Minden Navy veteran Delaney makes last port of call

John “Jack” Delaney looks at rusty nuts that tightened the teak planks of the USS Missouri during an Honor Flight Nevada trip to Oahu from Dec. 6-10.

John “Jack” Delaney looks at rusty nuts that tightened the teak planks of the USS Missouri during an Honor Flight Nevada trip to Oahu from Dec. 6-10.


Minden resident John (Jack) Delaney had three loves during his lifetime: serving in the Navy for 20 years, being on the USS Missouri during the Korean War, and his wife of 55 years, Marjorie.

Delaney, 87, quietly died Monday on the eighth anniversary of his wife’s death.

The Watervliet, N.Y., native moved to Minden 34 years ago.

He returned from his second Pearl Harbor trip with Honor Flight Nevada on Dec. 10.

During his career in the Navy, the retired chief petty officer first sailed on the USS Missouri, a battleship dubbed the Big Mo, during the last year of the Korean War. He also served three tours during the Vietnam War.

“I came aboard June 1952, and then we headed for WESTPAC (Western Pacific),” he recalled during his first Pearl Harbor trip with Honor Flight in February 2020. “We left Norfolk, stopped in Hawaii (after transiting the Panama Canal to the Pacific Ocean) and then to Japan. We left there to bombard Korea.”

Delaney said the Missouri was “blowing holes” in Korea.

As it turns out the big guns aboard the battleship were made in his hometown at the arsenal. During the time the battleship sailed along the coast, he said it was extremely cold. He didn’t know how the soldiers and Marines who were fighting on the Korean peninsula endured the frigid weather.

While at Pearl Harbor in 2020 and most recently on Dec. 8, he and several other veterans received a special tour of the Big Mo that included the captain’s quarters and VIP stateroom, the berths and operations. On his final visit, Delaney and another sailor received a small, but significant gift.

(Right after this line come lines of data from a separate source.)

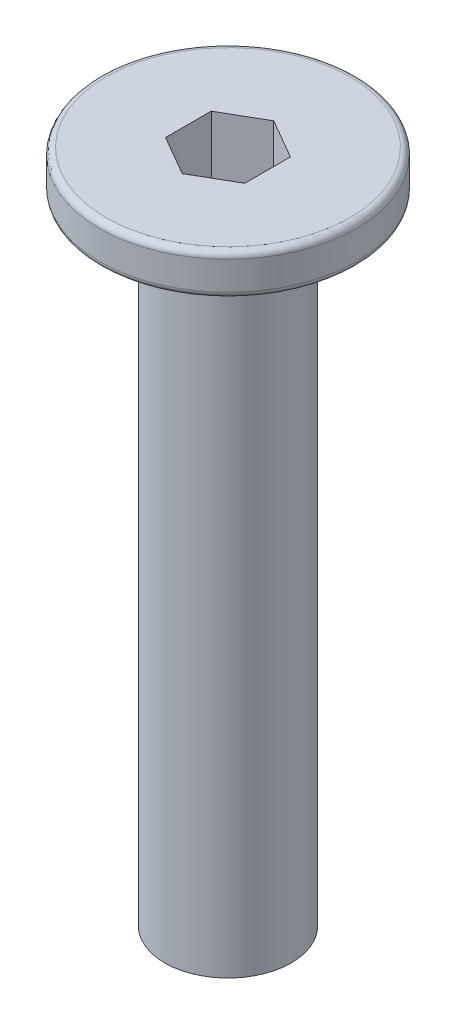
from build123d import *

# Parameters (mm, degrees)
SKETCH1_R           = 4.05
BOSS_EXTRUDE1_DEPTH = 1.3
FILLET1_R           = 0.2
SKETCH2_R           = 2
BOSS_EXTRUDE2_DEPTH = 20
CUT_EXTRUDE1_DEPTH  = 2


with BuildPart() as part:
    # Sketch1 → Boss-Extrude1 (new body)
    with BuildSketch(Plane(origin=(0, 0, 0), x_dir=(1, 0, 0), z_dir=(0, 1, 0))):
        Circle(SKETCH1_R)
    extrude(amount=BOSS_EXTRUDE1_DEPTH)

    # Fillet1
    fillet1_edges = [part.edges().sort_by_distance(p)[0] for p in [
        (-4.05, 0, 0),
        (-4.05, 1.3, 0),
    ]]
    fillet(fillet1_edges, radius=FILLET1_R)

    # Sketch2 → Boss-Extrude2 (add)
    with BuildSketch(Plane.XZ):
        Circle(SKETCH2_R)
    extrude(amount=BOSS_EXTRUDE2_DEPTH)

    # Sketch3 → Cut-Extrude1 (cut)
    with BuildSketch(Plane(origin=(0, 1.3, 0), x_dir=(1, 0, 0), z_dir=(0, 1, 0))):
        Polygon((-1.25, -0.721687836), (0, -1.443375673), (1.25, -0.721687836), (1.25, 0.721687836), (0, 1.443375673), (-1.25, 0.721687836), align=None)
    extrude(amount=-CUT_EXTRUDE1_DEPTH, mode=Mode.SUBTRACT)


solid = part.part

“He had a very elaborate tour this time … right down to the berthing bunk,” said Jon Yuspa, executive director and founder of Honor Flight Nevada. “He and (Robert) Schwarz each received Nelson nuts from the 1940s that held down the teak planks.”

Yuspa said they were told, “This is from your ship.”

Delaney had also served on four other ships during his two-decade military career including the aircraft carriers the USS Lexington and USS Oriskany. Before he retired in 1971, Delaney visited the Missouri and two more times as a member of the USS Missouri Memorial and American Battleship associations.

“I made a trip up to Seattle (Bremerton) to say goodbye,” Delaney said.

Glenna Smith, public affairs officer for the Veterans Affairs Sierra Nevada Health Care System in Reno, has known Delaney for years. She greeted him and the other veterans when they arrived in Reno one week ago. She had a photograph taken with Delaney.

“He was so dedicated to Honor Flight, and he was at every event,” Smith said. “He always had a smile on his face.”

According to Smith, Delaney was very proud of his military service and could still fit into his dress blues uniform.

“He looked very sharp,” she said.

Smith considered Delaney a very witty man, but he also had a serious side.

“Jack was very dedicated to his wife of 55 years,” she added.

Marjorie Delaney, a commissioned officer who attained the rank of lieutenant during an eight-year career, also served in the U.S. Navy during World War II at Guam, Saipan and Japan. The Delaneys were on an Honor Flight in 2013.

Smith said Delaney would also help a fellow veteran in need or drive the one-hour trip from Minden to the Reno-Tahoe International Airport to greet an Honor Flight.

Full Honors and internment will be at Northern Nevada Veterans Memorial Cemetery in Fernley at a date to be determined.